Let's be realistic and just look at the sheer numbers of people on this sight who come and question their draw length. I don't see any reason why it wouldn't be a valid question to ask her. If the OP has the incorrect draw, maybe that's all she needs to adjust. 

If it's her correct draw.....then it's not something to be concerned with. But when someone is having difficulties, I think it's worth looking at all possibilities.


----------



## atomic archer (Jun 14, 2008)

I re-read this and I don't want it to come off snotty....it's not meant that way. I'm just trying to get across that the average human body is made in proportion. Just like the distance between your wrist and elbow is the approx. length of your foot. The size of your wrist is about the same as the span between your thumb and middle finger. I could go on.....but the point is that most people fall into this approximation. I can't see a picture of the OP, so I can't tell if she has short arms, or really long legs. I can only offer a suggestion. It's not uncommon to be sent away from a dealer with the wrong draw information. Shoot, the five of us each got a different answer at the 4 stores we went to. I read of others all the time on here that have encountered the same thing. It's a simple and cheap thing for the OP to check. If she comes up with the same information....then she's lost nothing. But if she finds she does have the wrong DL, she's saved a lot of money and worry....and maybe an opportunity to go hunt like she would like to.


----------



## DeeS (May 12, 2005)

BowHunterChck13 said:


> Hey ladies, I need your help! I'm 5'2 with not much muscle mass and since it is my first season, I'm worried that I won't have enough kinetic energy to properly harvest a deer. The LAST thing I want to do is harm an animal. I have a 22inch draw and I am pulling back around 40-42 pounds. This is the max. poundage of my bow because of my short draw length! Is there anyone in my situation out there? Any suggestions?? ...Luckily, I have practiced A LOT and I can confidently make a great shot from a tree stand. I'm just hoping I can do that with the real deal. Help!

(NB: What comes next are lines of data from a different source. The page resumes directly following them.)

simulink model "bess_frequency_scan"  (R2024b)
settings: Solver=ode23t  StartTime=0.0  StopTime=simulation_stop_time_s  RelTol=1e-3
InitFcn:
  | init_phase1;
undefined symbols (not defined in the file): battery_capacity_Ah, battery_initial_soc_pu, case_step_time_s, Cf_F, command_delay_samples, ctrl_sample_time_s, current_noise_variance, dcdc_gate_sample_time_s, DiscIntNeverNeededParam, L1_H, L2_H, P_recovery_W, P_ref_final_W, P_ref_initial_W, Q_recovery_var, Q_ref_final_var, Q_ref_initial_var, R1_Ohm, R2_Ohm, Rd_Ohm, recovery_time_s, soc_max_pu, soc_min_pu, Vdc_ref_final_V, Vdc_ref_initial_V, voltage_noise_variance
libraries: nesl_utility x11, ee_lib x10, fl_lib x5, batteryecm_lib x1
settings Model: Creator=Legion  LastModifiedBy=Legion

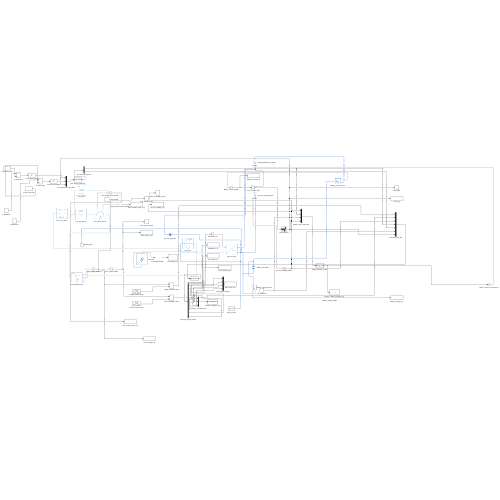
[thumbnail: Simulink's stored preview of the top-level diagram]
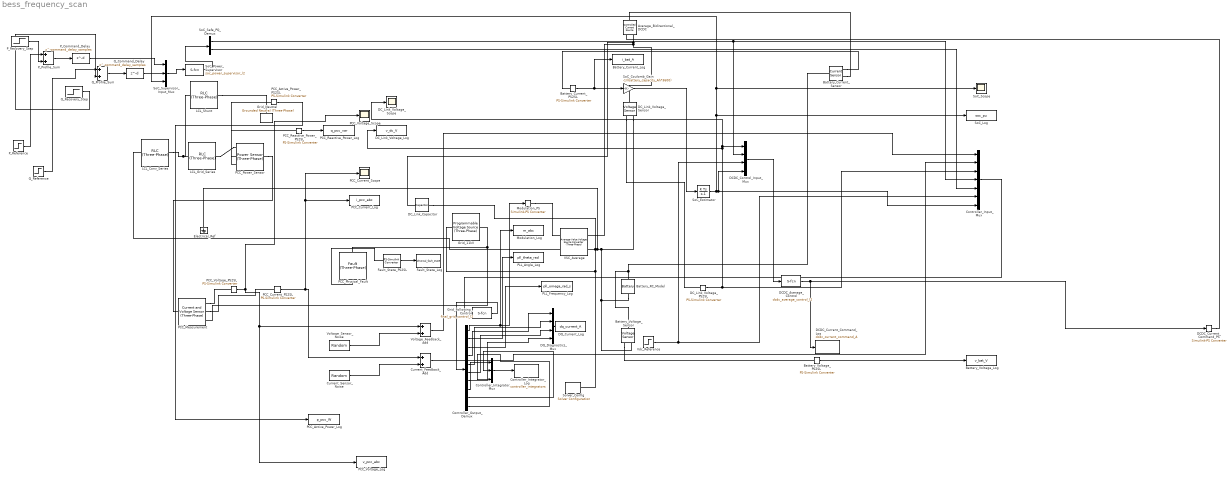
== system bess_frequency_scan ==
  Average_Bidirectional_DCDC : fl_lib/Electrical/Electrical Sources/Controlled Current Source
  Battery_Current_Log : ToWorkspace  VariableName=i_bat_A  SaveFormat=Timeseries  SampleTime=-1
  Battery_Current_PS2SL : nesl_utility/PS-Simulink Converter  PhysicalDomain=network_engine_domain  SubClassName=ps_output  LeftPortType=input  RightPortType=output  PseudoPeriodic=off  Frequencies=[]  VectorFormat=inherit  Unit=inherit  AffineConversion=off
  Battery_Current_Sensor : fl_lib/Electrical/Electrical Sensors/Current Sensor
  Battery_RC_Model : batteryecm_lib/Battery  Vnom=battery_nominal_voltage_V V  prm_dir=simscape.enum.battery.prm_dir.disabled  R1_dis=2 Ohm  R1_ch=2 Ohm  R1=battery_series_resistance_Ohm Ohm  prm_AH=simscape.enum.battery.prm_AH.finite  AH=battery_capacity_Ah A*hr  V1=battery_voltage_at_half_charge_V V  AH1=25 A*hr  prm_R2=simscape.enum.battery.prm_R2.disabled  R2=2000 Ohm  Tmeas=298.15 K  charge_measurement_port=simscape.enum.battery.enable.no  prm_dyn=simscape.enum.battery.prm_dyn.rc1  Rp1=battery_rc_resistance_Ohm Ohm  tau1=battery_rc_time_constant_s s  Rp2=0.005 Ohm  tau2=30 s  Rp3=0.005 Ohm  tau3=30 s  Rp4=0.005 Ohm  tau4=30 s  Rp5=0.005 Ohm  tau5=30 s  prm_fade=simscape.enum.battery.prm_fade.disabled  N_fade=100  AH_fade=45 A*hr  R1_fade=2.02 Ohm  R1_ch_fade=2.02 Ohm  V1_fade=10.35 V  prm_age=simscape.enum.battery.prm_age.disabled  prm_age_OCV=simscape.enum.battery.prm_age_OCV.OCV  OCV_age=0.9  SOC_age=60  Tmeas_age=298.15 K  delta_time_age_vec=[0] d  temperature_age_vec=[273] K  OCV_scaling_age=2.2134e6  OCV_offset_age=1.632e6  temp_exp_age=0.515833569 V  t_exp_age=0.75  Vnom_T2=12 V  R1_T2=2.2 Ohm  R1_T2_dis=2.2 Ohm  R1_T2_ch=2.2 Ohm  V1_T2=11.4 V  R2_T2=2200 Ohm  Rp1_T2=0.005 Ohm  tau1_T2=30 s  Rp2_T2=0.005 Ohm  tau2_T2=30 s  Rp3_T2=0.005 Ohm  tau3_T2=30 s  Rp4_T2=0.005 Ohm  tau4_T2=30 s  Rp5_T2=0.005 Ohm  tau5_T2=30 s  Tmeas2=273.15 K  thermal_port=simscape.enum.thermaleffects.omit  thermal_mass=30000 J/K  i_specify=off  i_priority=None  i=0 A  i_nominal_specify=off  i_nominal_value=1  i_nominal_unit=A  v_specify=off  v_priority=None  v=0 V  v_nominal_specify=off  v_nominal_value=1  v_nominal_unit=V  charge_specify=on  charge_priority=High  charge=battery_initial_charge_Ah A*hr  charge_nominal_specify=off  charge_nominal_value=1  charge_nominal_unit=A*hr  num_cycles_specify=off  num_cycles_priority=High  num_cycles=0  num_cycles_nominal_specify=off  num_cycles_nominal_value=1  num_cycles_nominal_unit=1  temperature_specify=off  temperature_priority=High  temperature=298.15 K  temperature_nominal_specify=off  temperature_nominal_value=1  temperature_nominal_unit=K
      settings: LibrarySourceBlock=batt_lib/Cells/Battery
  Battery_Voltage_Log : ToWorkspace  VariableName=v_bat_V  SaveFormat=Timeseries  SampleTime=-1
  Battery_Voltage_PS2SL : nesl_utility/PS-Simulink Converter  PhysicalDomain=network_engine_domain  SubClassName=ps_output  LeftPortType=input  RightPortType=output  PseudoPeriodic=off  Frequencies=[]  VectorFormat=inherit  Unit=inherit  AffineConversion=off
  Battery_Voltage_Sensor : fl_lib/Electrical/Electrical Sensors/Voltage Sensor
  Controller_Input_Mux : Mux  Inputs=7
  Controller_Integrator_Log : ToWorkspace  VariableName=controller_integrators  SaveFormat=Structure With Time  SampleTime=-1
  Controller_Integrator_Mux : Mux  Inputs=3
  Controller_Output_Demux : Demux  Outputs=[3 1 1 1 1 1 1 1 1 1]
  Current_Feedback_Add : Sum
  Current_Sensor_Noise : RandomNumber  Mean=[0 0 0]  Variance=current_noise_variance  Seed=[201 202 203]  SampleTime=ctrl_sample_time_s
  DCDC_Average_Control : M-S-Function  FunctionName=dcdc_average_control_l2  Parameters=dcdc_cfg
  DCDC_Control_Input_Mux : Mux
  DCDC_Current_Command_Log : ToWorkspace  VariableName=dcdc_current_command_A  SaveFormat=Structure With Time  SampleTime=-1
  DCDC_Current_Command_PS : nesl_utility/Simulink-PS Converter  PhysicalDomain=network_engine_domain  SubClassName=ps_input  LeftPortType=input  RightPortType=output  PseudoPeriodic=off  Frequencies=[]  NoiseDistribution=none  NoiseParameters=[]  Unit=1  AffineConversion=off  FilteringAndDerivatives=provide  SimscapeFilterOrder=1  InputFilterTimeConstant=0.001  UdotUserProvided=0
  DC_Link_Capacitor : ee_lib/Passive/Capacitor  cap_option=ee.enum.passive.capacitor.capOption.const  c=dclink_capacitance_F F  Cvec=[1e-05, 1e-06] F  Vvec=[0, 10] V  CV_table_symmetry=ee.enum.passive.capacitor.tableSymmetry.yes  f_vec=[1, 10] kHz  DFext_vec=[.8, 1.2]  enable_C_tol=ee.enum.toleranceApplication.none  averaging_period=0 s  C_tol=5  tol_distribution=ee.enum.toleranceDistribution.uniform  nSigma=4  r=0 Ohm  g=0 1/Ohm  enable_operating_limits=ee.enum.enable.no  operating_limit_action=ee.enum.passive.reportOpLim.warn  max_working_voltage_range=[-25, 25] V  power_rating=1 W  maxTemperature=85 degC  thermalEnable=false  thermalMass=1 J/K  fault_action=simscape.enum.assert.action.none  t_fault=1 s  i_specify=off  i_priority=None  i=0 A  i_nominal_specify=off  i_nominal_value=1  i_nominal_unit=A  v_specify=on  v_priority=High  v=Vdc_test_V V  v_nominal_specify=off  v_nominal_value=1  v_nominal_unit=V  vc_specify=on  vc_priority=High  vc=Vdc_test_V V  vc_nominal_specify=off  vc_nominal_value=1  vc_nominal_unit=V  T_specify=off  T_priority=None  T=298.15 K  T_nominal_specify=off  T_nominal_value=1  T_nominal_unit=K
  DC_Link_Voltage_Log : ToWorkspace  VariableName=v_dc_V  SaveFormat=Timeseries  SampleTime=-1
  DC_Link_Voltage_PS2SL : nesl_utility/PS-Simulink Converter  PhysicalDomain=network_engine_domain  SubClassName=ps_output  LeftPortType=input  RightPortType=output  PseudoPeriodic=off  Frequencies=[]  VectorFormat=inherit  Unit=inherit  AffineConversion=off
  DC_Link_Voltage_Scope : Scope
  DC_Link_Voltage_Sensor : fl_lib/Electrical/Electrical Sensors/Voltage Sensor
  DQ_Current_Log : ToWorkspace  VariableName=dq_current_A  SaveFormat=Timeseries  SampleTime=-1
  DQ_Diagnostics_Mux : Mux
  Electrical_Ref : fl_lib/Electrical/Electrical Elements/Electrical Reference
  Fault_State_Log : ToWorkspace  VariableName=physical_fault_state  SaveFormat=Timeseries  SampleTime=-1
  Fault_State_PS2SL : nesl_utility/PS-Simulink Converter  PhysicalDomain=network_engine_domain  SubClassName=ps_output  LeftPortType=input  RightPortType=output  PseudoPeriodic=off  Frequencies=[]  VectorFormat=inherit  Unit=inherit  AffineConversion=off
  Grid_11kV : ee_lib/Sources/Programmable Voltage Source (Three-Phase)  magnitude_type=ee.enum.timechanging.constant  vline_rms=V_grid_LL_rms_V V  magn_ramp=1 V/s  magn_step=1 V  magn_modu_magn=1 V  magn_modu_freq=1 Hz  magn_t1=1 s  magn_t2=2 s  frequency_type=ee.enum.timechanging.constant  freq=f_grid_Hz Hz  freq_ramp=1 Hz/s  freq_step=1 Hz  freq_modu_magn=1 Hz  freq_modu_freq=1 Hz  freq_t1=1 s  freq_t2=2 s  phase_type=ee.enum.timechanging.constant  shift=0 deg  phase_ramp=1 deg/s  phase_step=1 deg  phase_modu_magn=1 deg  phase_modu_freq=1 Hz  phase_t1=1 s  phase_t2=2 s  impedance_option=1  SShortCircuit=S_sc_grid_VA A*V  XR=X_R_grid  R=0.01 Ohm  L=3.97e-4 H  G_parasitic=1e-6 1/Ohm  harmonic_option=0  harmonic_orders=[5, 7, 11, 13]  harmonic_ratios=[.1, .1, .1, .1]  harmonic_shifts=[0, 0, 0, 0] deg  harmonic_sequences=[1, 1, 1, 1]  harmonic_t1=-inf s  harmonic_t2=inf s  I_specify=off  I_priority=None  I=[0, 0, 0] A  I_nominal_specify=off  I_nominal_value=1  I_nominal_unit=A  V_specify=off  V_priority=None  V=[0, 0, 0] V  V_nominal_specify=off  V_nominal_value=1  V_nominal_unit=V
      settings: InternalSimscapePortConfiguration="{\"Bottom\":[],\"Left\":[{\"id\":\"n\",\"label\":\"n\",\"type\":\"foundation.electrical.electrical\"}],\"Right\":[{\"id\":\"N\",\"label\":\"~\",\"type\":\"foundation.electrical.three_phase\"}],\"Top\":[]}"
  Grid_Following_Control : M-S-Function  FunctionName=final_grid_control_l2  Parameters=ctrl_cfg
  Grid_Neutral : ee_lib/Connectors & References/Grounded Neutral (Three-Phase)
  LCL_Conv_Series : ee_lib/Passive/RLC Assemblies/RLC (Three-Phase)  port_option=ee.enum.threePhasePort.composite  component_structure=ee.enum.rlc.structure.SeriesRL  R=R1_Ohm Ohm  L=L1_H H  C=1e-6 F  R_parasitic=0 Ohm  G_parasitic=0 1/Ohm  IL_specify=off  IL_priority=High  IL=[0, 0, 0] A  IL_nominal_specify=off  IL_nominal_value=1  IL_nominal_unit=A  VC_specify=off  VC_priority=High  VC=[0, 0, 0] V  VC_nominal_specify=off  VC_nominal_value=1  VC_nominal_unit=V
      settings: InternalSimscapePortConfiguration="{\"Bottom\":[],\"Left\":[{\"id\":\"N1\",\"label\":\"~1\",\"type\":\"foundation.electrical.three_phase\"}],\"Right\":[{\"id\":\"N2\",\"label\":\"~2\",\"type\":\"foundation.electrical.three_phase\"}],\"Top\":[]}"
  LCL_Grid_Series : ee_lib/Passive/RLC Assemblies/RLC (Three-Phase)  port_option=ee.enum.threePhasePort.composite  component_structure=ee.enum.rlc.structure.SeriesRL  R=R2_Ohm Ohm  L=L2_H H  C=1e-6 F  R_parasitic=0 Ohm  G_parasitic=0 1/Ohm  IL_specify=off  IL_priority=High  IL=[0, 0, 0] A  IL_nominal_specify=off  IL_nominal_value=1  IL_nominal_unit=A  VC_specify=off  VC_priority=High  VC=[0, 0, 0] V  VC_nominal_specify=off  VC_nominal_value=1  VC_nominal_unit=V
      settings: InternalSimscapePortConfiguration="{\"Bottom\":[],\"Left\":[{\"id\":\"N1\",\"label\":\"~1\",\"type\":\"foundation.electrical.three_phase\"}],\"Right\":[{\"id\":\"N2\",\"label\":\"~2\",\"type\":\"foundation.electrical.three_phase\"}],\"Top\":[]}"
  LCL_Shunt : ee_lib/Passive/RLC Assemblies/RLC (Three-Phase)  port_option=ee.enum.threePhasePort.composite  component_structure=ee.enum.rlc.structure.SeriesRC  R=Rd_Ohm Ohm  L=1e-3 H  C=Cf_F F  R_parasitic=0 Ohm  G_parasitic=0 1/Ohm  IL_specify=off  IL_priority=High  IL=[0, 0, 0] A  IL_nominal_specify=off  IL_nominal_value=1  IL_nominal_unit=A  VC_specify=off  VC_priority=High  VC=[0, 0, 0] V  VC_nominal_specify=off  VC_nominal_value=1  VC_nominal_unit=V
      settings: InternalSimscapePortConfiguration="{\"Bottom\":[],\"Left\":[{\"id\":\"N1\",\"label\":\"~1\",\"type\":\"foundation.electrical.three_phase\"}],\"Right\":[{\"id\":\"N2\",\"label\":\"~2\",\"type\":\"foundation.electrical.three_phase\"}],\"Top\":[]}"
  Modulation_Log : ToWorkspace  VariableName=m_abc  SaveFormat=Timeseries  SampleTime=-1
  Modulation_PS : nesl_utility/Simulink-PS Converter  PhysicalDomain=network_engine_domain  SubClassName=ps_input  LeftPortType=input  RightPortType=output  PseudoPeriodic=off  Frequencies=[]  NoiseDistribution=none  NoiseParameters=[]  Unit=1  AffineConversion=off  FilteringAndDerivatives=provide  SimscapeFilterOrder=1  InputFilterTimeConstant=0.001  UdotUserProvided=0
  PCC_Active_Power_Log : ToWorkspace  VariableName=p_pcc_W  SaveFormat=Timeseries  SampleTime=-1
  PCC_Active_Power_PS2SL : nesl_utility/PS-Simulink Converter  PhysicalDomain=network_engine_domain  SubClassName=ps_output  LeftPortType=input  RightPortType=output  PseudoPeriodic=off  Frequencies=[]  VectorFormat=inherit  Unit=W  AffineConversion=off
  PCC_Current_Log : ToWorkspace  VariableName=i_pcc_abc  SaveFormat=Timeseries  SampleTime=-1
  PCC_Current_PS2SL : nesl_utility/PS-Simulink Converter  PhysicalDomain=network_engine_domain  SubClassName=ps_output  LeftPortType=input  RightPortType=output  PseudoPeriodic=off  Frequencies=[]  VectorFormat=1-D array  Unit=A  AffineConversion=off
  PCC_Current_Scope : Scope
  PCC_Measurement : ee_lib/Sensors & Transducers/Current and Voltage Sensor (Three-Phase)  vMeasurementType=ee.enum.vmeasurement.ll  outputUnit=ee.enum.unit.si  SRated=P_rated_W A*V  VRated=V_grid_LL_rms_V V  I_specify=off  I_priority=None  I=[0, 0, 0] A  I_nominal_specify=off  I_nominal_value=1  I_nominal_unit=A  V_specify=off  V_priority=None  V=[0, 0, 0] V  V_nominal_specify=off  V_nominal_value=1  V_nominal_unit=V
      settings: InternalSimscapePortConfiguration="{\"Bottom\":[],\"Left\":[{\"id\":\"N1\",\"label\":\"~1\",\"type\":\"foundation.electrical.three_phase\"}],\"Right\":[{\"id\":\"V_output\",\"label\":\"V\",\"type\":\"output\"},{\"id\":\"I_output\",\"label\":\"I\",\"type\":\"output\"},{\"id\":\"N2\",\"label\":\"~2\",\"type\":\"foundation.electrical.three_phase\"}],\"Top\":[]}"
  PCC_Physical_Fault : ee_lib/Utilities/Fault (Three-Phase)  fault_type_option=0  R_pn_fault=physical_fault_resistance_Ohm Ohm  R_ng_fault=physical_fault_ground_resistance_Ohm Ohm  exposemeasurement=ee.enum.exposemeasurement.visible  enable_external_fault=ee.enum.external_fault.hidden  fault_threshold=0.5  fault_condition=1  fault_resettable=0  enable_temporal_fault=0  fault_start_time=1 s  fault_duration=0.1 s  G_parasitic=1e-6 1/Ohm
      settings: InternalSimscapePortConfiguration="{\"Bottom\":[],\"Left\":[{\"id\":\"N\",\"label\":\"~\",\"type\":\"foundation.electrical.three_phase\"}],\"Right\":[{\"id\":\"X\",\"label\":\"X\",\"type\":\"output\"}],\"Top\":[]}"
  PCC_Power_Sensor : ee_lib/Sensors & Transducers/Power Sensor (Three-Phase)  load_type=ee.enum.passive.type_balanced.balanced  f0=60 Hz  config=ee.enum.with_neutral.no  rho=1
      settings: InternalSimscapePortConfiguration="{\"Bottom\":[],\"Left\":[{\"id\":\"N1\",\"label\":\"~1\",\"type\":\"foundation.electrical.three_phase\"}],\"Right\":[{\"id\":\"N2\",\"label\":\"~2\",\"type\":\"foundation.electrical.three_phase\"}],\"Top\":[{\"id\":\"Pm\",\"label\":\"P\",\"type\":\"output\"},{\"id\":\"Qm\",\"label\":\"Q\",\"type\":\"output\"}]}"
  PCC_Reactive_Power_Log : ToWorkspace  VariableName=q_pcc_var  SaveFormat=Timeseries  SampleTime=-1
  PCC_Reactive_Power_PS2SL : nesl_utility/PS-Simulink Converter  PhysicalDomain=network_engine_domain  SubClassName=ps_output  LeftPortType=input  RightPortType=output  PseudoPeriodic=off  Frequencies=[]  VectorFormat=inherit  Unit=inherit  AffineConversion=off
  PCC_Voltage_Log : ToWorkspace  VariableName=v_pcc_abc  SaveFormat=Timeseries  SampleTime=-1
  PCC_Voltage_PS2SL : nesl_utility/PS-Simulink Converter  PhysicalDomain=network_engine_domain  SubClassName=ps_output  LeftPortType=input  RightPortType=output  PseudoPeriodic=off  Frequencies=[]  VectorFormat=1-D array  Unit=V  AffineConversion=off
  PCC_Voltage_Scope : Scope
  PLL_Angle_Log : ToWorkspace  VariableName=pll_theta_rad  SaveFormat=Timeseries  SampleTime=-1
  PLL_Frequency_Log : ToWorkspace  VariableName=pll_omega_rad_s  SaveFormat=Timeseries  SampleTime=-1
  P_Command_Delay : Delay  DelayLength=command_delay_samples  InitialCondition=P_ref_initial_W  SampleTime=ctrl_sample_time_s
  P_Profile_Sum : Sum
  P_Recovery_Step : Step  Time=recovery_time_s  After=P_recovery_W-P_ref_final_W  SampleTime=ctrl_sample_time_s
  P_Reference : Step  Time=case_step_time_s  Before=P_ref_initial_W  After=P_ref_final_W  SampleTime=ctrl_sample_time_s
  Q_Command_Delay : Delay  DelayLength=command_delay_samples  InitialCondition=Q_ref_initial_var  SampleTime=ctrl_sample_time_s
  Q_Profile_Sum : Sum
  Q_Recovery_Step : Step  Time=recovery_time_s  After=Q_recovery_var-Q_ref_final_var  SampleTime=ctrl_sample_time_s
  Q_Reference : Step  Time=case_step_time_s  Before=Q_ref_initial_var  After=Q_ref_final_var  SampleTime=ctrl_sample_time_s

If you are pulling 40 pounds back and are making good shots, you shouldn't have any trouble making a good ethical kill on a deer. The first doe I killed with a bow I was only pulling back about 45. Everyone has their opinions and this happens to mine. 
Good luck and shoot straight!

Dee


----------



## Horses&Hunting (Oct 10, 2007)

Sounds like you are setup already. You are shooting good so no need to worry about not making a good clean kill. Thats unless you want to get a new bow that offers a heavier draw weight. I'm 5'7 and the size of a twig. lol I pull back 26 5/8. My better half is the same height as me, and there draw length is 28. Odd. I was real surprised to see that that there dl was that. Because I've been letting em practice with my bow and all seemed ok. But took the browning in yesterday and was told different lol. But anyways. If you are shooting good don't worry about it. Just remember to post pics of your deer when you take one.


----------



## HuntinChick (Oct 12, 2007)

BowHunterChck13 said:


> Hey ladies, I need your help! I'm 5'2 with not much muscle mass and since it is my first season, I'm worried that I won't have enough kinetic energy to properly harvest a deer. The LAST thing I want to do is harm an animal. I have a 22inch draw and I am pulling back around 40-42 pounds. This is the max. poundage of my bow because of my short draw length! Is there anyone in my situation out there? Any suggestions?? ...Luckily, I have practiced A LOT and I can confidently make a great shot from a tree stand. I'm just hoping I can do that with the real deal. Help!



Have you shot it through a chronograph to get your FPS (feet per second)? That will also help determine if it can shoot fast enough and hard enough to make the kill. If you have an archery shop close by, they should have one. I think you'll be okay with a short shot, though. My DL is 24" and my DW is 43#. I'm only shooting out to 25 yards to make sure it's an ethical shot. I've been lifting weights to bring my DW up, but until then I decided 25 yards is my limit. So, I think you'll be fine as long as you don't try a 40 yard shot or anything! :wink: Good Luck!


----------



## BowHunterChck13 (Jun 1, 2008)

Thank you for all of your posts!!

Okay, where do I begin. 

1) When I draw back my bow, I have a slight bend in my right elbow (I'm lefty). Basically my elbow isn't locked. That is the way 9 out of 10 people have told me to shot and honestly, it feels comfortable. A couple of months ago I added an inch to my draw length and it messed me up. I just felt really awkward and I wasn't shooting as well as I was so I changed it back. I'll post pictures of my form as soon as possible.
2) I don't know the proper way to say this but I am going to try to explain as clear as possible. On my bow, when I go to "up" my poundage, those nobs on the risers are as far forward as possible. I had thought that the smaller the DL the less # one could get out of the bow.. If I am wrong, please correct me. I just bought my bow in January, I love it and my current financial status does not leave me room for a new bow purchase. lol :tongue:
3) I will only take a shot from maximum 25 yards. I'm not confident when shooting any farther away. 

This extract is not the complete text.